Only the pictures are to be dropped; the rest of the data below is to be duplicated exactly.

(Excerpts from a dataset)
Start of Block

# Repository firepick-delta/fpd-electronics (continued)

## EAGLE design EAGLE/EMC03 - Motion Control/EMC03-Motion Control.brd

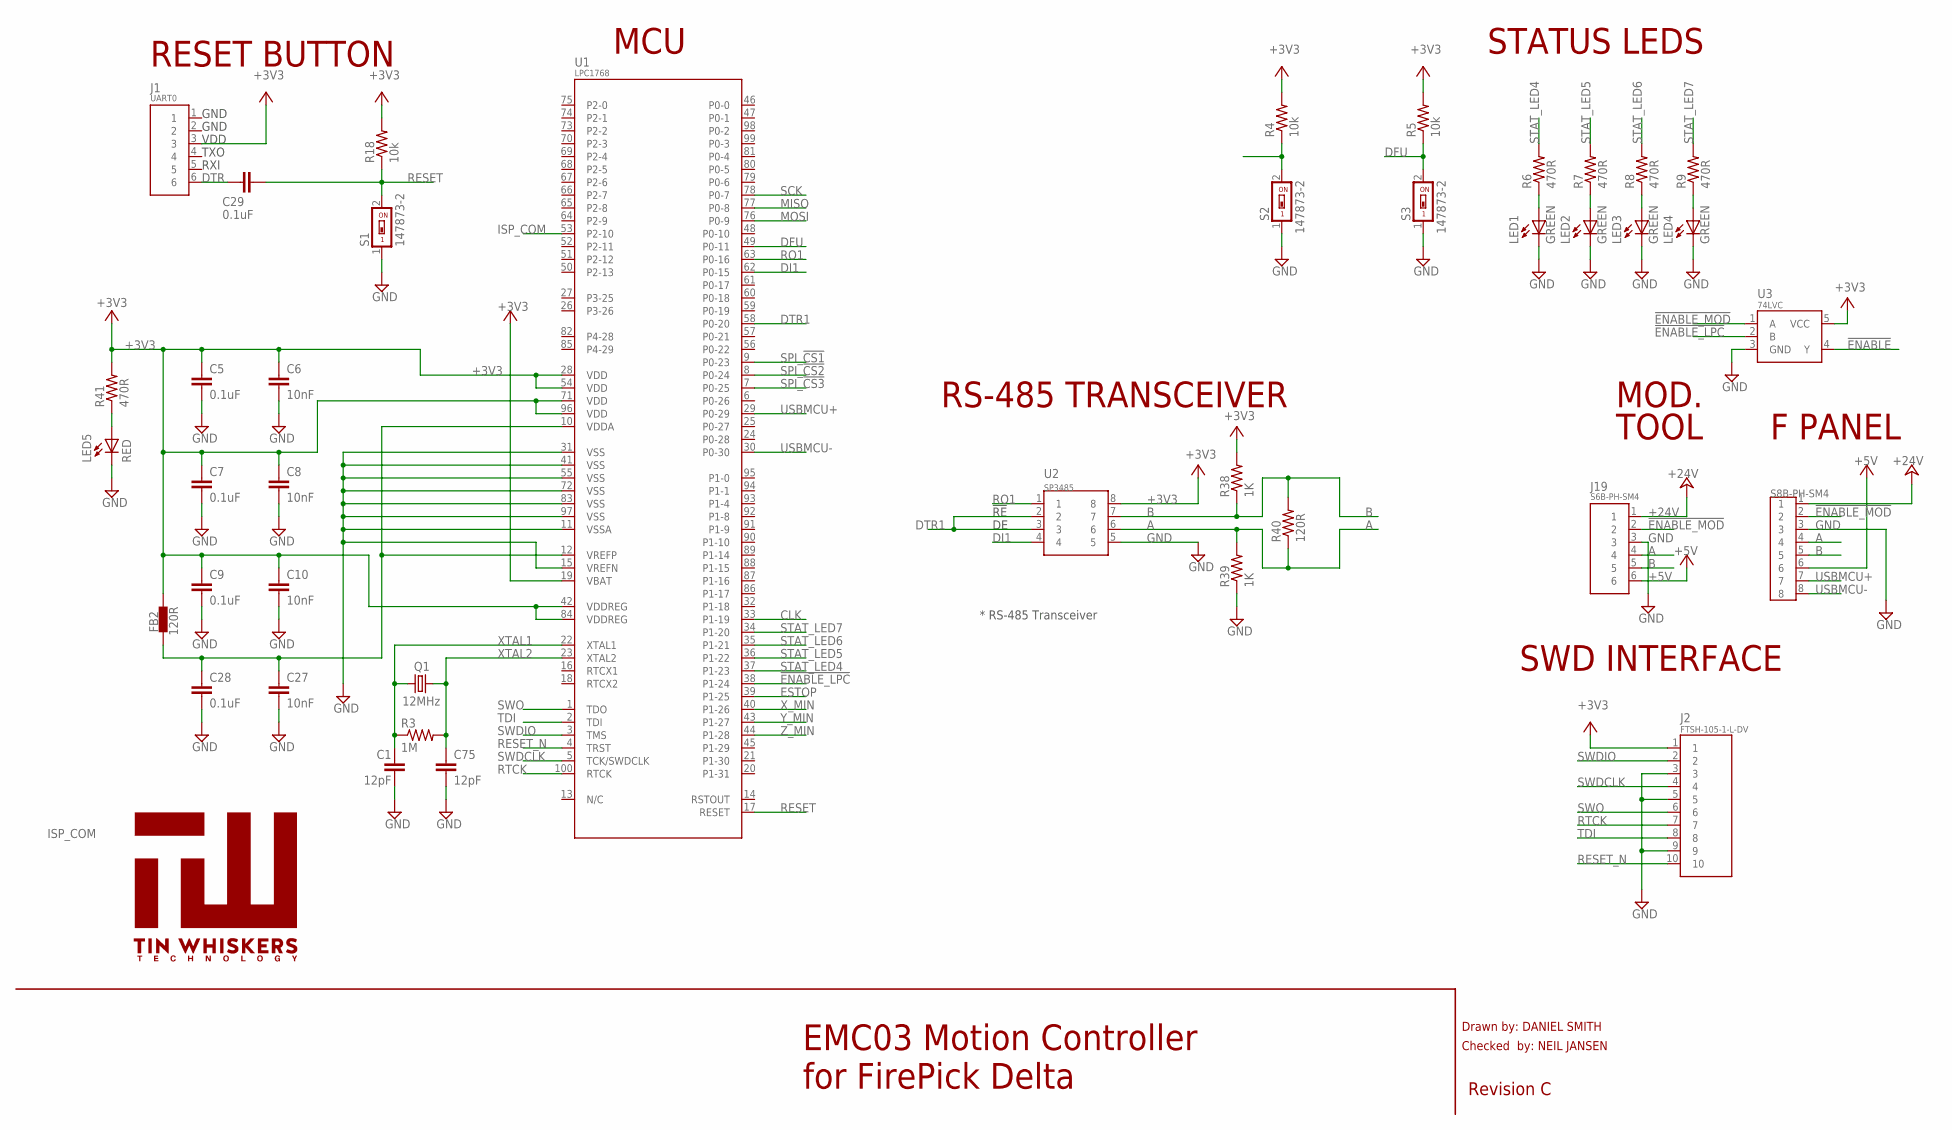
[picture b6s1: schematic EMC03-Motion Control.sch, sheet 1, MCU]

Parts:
C1, C75: 12pF; C0603; PARTNO GRM1885C1H120FA01J
C5, C7, C9, C28, C29: 0.1uF; C0603; PARTNO GMK107BJ104KAHT
C6, C8, C10, C27: 10nF; C0603; PARTNO GRM188R71H103KA01D
FB2: 120R; F0603; PARTNO BLM18AG121SN1D
J1: UART0; CON-HDR-6POS-MALE; PARTNO 67996-206HLF
J2: FTSH-105-1-L-DV; FTSH-105-01-XXX-DV-K; PARTNO FTSH-105-01-L-DV
J17: S8B-PH-SM4; CONN-JST-PH-2.0MM-8P-SMT-RA; PARTNO S8B-PH-SM4-TB(LF)(SN)
J19: S6B-PH-SM4; CONN-JST-PH-2.0MM-6P-SMT-RA; PARTNO S6B-PH-SM4-TB(LF)(SN)
LED1, LED2, LED3, LED4: GREEN; LED0603; PARTNO SML-D12M8WT86
LED5: RED; LED0603; PARTNO SML-D12U8WT86
Q1: 12MHz; HC-49/U-S; PARTNO HCM4912000000ABJT
R3: 1M; R0603; PARTNO RC0603FR-071ML
R4, R5, R18: 10k; R0603; PARTNO RC0603FR-0710KL
R6, R7, R8, R9, R41: 470R; R0603; PARTNO RC0603FR-07470RL
R38, R39: 1K; R0603; PARTNO RC0603FR-071KL
R40: 120R; R0603; PARTNO RC0805FR-07120RL
S1, S2, S3: 147873-2; PARTNO 147873-2
U1: LPC1768; 100-LQFP; PARTNO LPC1768
U2: SP3485; SOICN-8; PARTNO SP3485
U3: 74LVC; SOT-23-5; PARTNO SN74LVC1G32DBVR
U$1: TIN-WHISKERSSMALL; TIN-WHISKERS-SMALL; PARTNO *

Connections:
!ENABLE: U3.4 (Y); also elsewhere on the board
!ENABLE_LPC: U1.38 (P1-24), U3.2 (B)
!ENABLE_MOD: J17.2, J19.2, U3.1 (A)
+3V3: C5.2, C6.2, C7.2, C8.2, C9.2, C10.2, FB2.2, J1.3, J2.1, R4.2, R5.2, R18.2, R38.2, R41.2, U1.19 (VBAT), U1.28 (VDD), U1.42 (VDDREG), U1.54 (VDD), U1.71 (VDD), U1.84 (VDDREG), U1.96 (VDD), U2.8, U3.5 (VCC); also elsewhere on the board
+5V: J17.6, J19.6; also elsewhere on the board
+24V: J17.1, J19.1; also elsewhere on the board
A: J17.4, J19.4, R39.2, R40.1, U2.6
B: J17.5, J19.5, R38.1, R40.2, U2.7
CLK: U1.33 (P1-19); also elsewhere on the board
DFU: R5.1, S3.2, U1.49 (P0-11)
DI1: U1.62 (P0-15), U2.4
DPWR: C27.2, C28.2, FB2.1, U1.10 (VDDA), U1.12 (VREFP)
DTR: C29.1, J1.6
DTR1: U1.58 (P0-20), U2.2, U2.3
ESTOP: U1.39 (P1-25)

End of Block

Result for this task
# Repository firepick-delta/fpd-electronics (continued)

## EAGLE design EAGLE/EMC03 - Motion Control/EMC03-Motion Control.brd

[picture b6s1: schematic EMC03-Motion Control.sch, sheet 1, MCU]

Parts:
C1, C75: 12pF; C0603; PARTNO GRM1885C1H120FA01J
C5, C7, C9, C28, C29: 0.1uF; C0603; PARTNO GMK107BJ104KAHT
C6, C8, C10, C27: 10nF; C0603; PARTNO GRM188R71H103KA01D
FB2: 120R; F0603; PARTNO BLM18AG121SN1D
J1: UART0; CON-HDR-6POS-MALE; PARTNO 67996-206HLF
J2: FTSH-105-1-L-DV; FTSH-105-01-XXX-DV-K; PARTNO FTSH-105-01-L-DV
J17: S8B-PH-SM4; CONN-JST-PH-2.0MM-8P-SMT-RA; PARTNO S8B-PH-SM4-TB(LF)(SN)
J19: S6B-PH-SM4; CONN-JST-PH-2.0MM-6P-SMT-RA; PARTNO S6B-PH-SM4-TB(LF)(SN)
LED1, LED2, LED3, LED4: GREEN; LED0603; PARTNO SML-D12M8WT86
LED5: RED; LED0603; PARTNO SML-D12U8WT86
Q1: 12MHz; HC-49/U-S; PARTNO HCM4912000000ABJT
R3: 1M; R0603; PARTNO RC0603FR-071ML
R4, R5, R18: 10k; R0603; PARTNO RC0603FR-0710KL
R6, R7, R8, R9, R41: 470R; R0603; PARTNO RC0603FR-07470RL
R38, R39: 1K; R0603; PARTNO RC0603FR-071KL
R40: 120R; R0603; PARTNO RC0805FR-07120RL
S1, S2, S3: 147873-2; PARTNO 147873-2
U1: LPC1768; 100-LQFP; PARTNO LPC1768
U2: SP3485; SOICN-8; PARTNO SP3485
U3: 74LVC; SOT-23-5; PARTNO SN74LVC1G32DBVR
U$1: TIN-WHISKERSSMALL; TIN-WHISKERS-SMALL; PARTNO *

Connections:
!ENABLE: U3.4 (Y); also elsewhere on the board
!ENABLE_LPC: U1.38 (P1-24), U3.2 (B)
!ENABLE_MOD: J17.2, J19.2, U3.1 (A)
+3V3: C5.2, C6.2, C7.2, C8.2, C9.2, C10.2, FB2.2, J1.3, J2.1, R4.2, R5.2, R18.2, R38.2, R41.2, U1.19 (VBAT), U1.28 (VDD), U1.42 (VDDREG), U1.54 (VDD), U1.71 (VDD), U1.84 (VDDREG), U1.96 (VDD), U2.8, U3.5 (VCC); also elsewhere on the board
+5V: J17.6, J19.6; also elsewhere on the board
+24V: J17.1, J19.1; also elsewhere on the board
A: J17.4, J19.4, R39.2, R40.1, U2.6
B: J17.5, J19.5, R38.1, R40.2, U2.7
CLK: U1.33 (P1-19); also elsewhere on the board
DFU: R5.1, S3.2, U1.49 (P0-11)
DI1: U1.62 (P0-15), U2.4
DPWR: C27.2, C28.2, FB2.1, U1.10 (VDDA), U1.12 (VREFP)
DTR: C29.1, J1.6
DTR1: U1.58 (P0-20), U2.2, U2.3
ESTOP: U1.39 (P1-25)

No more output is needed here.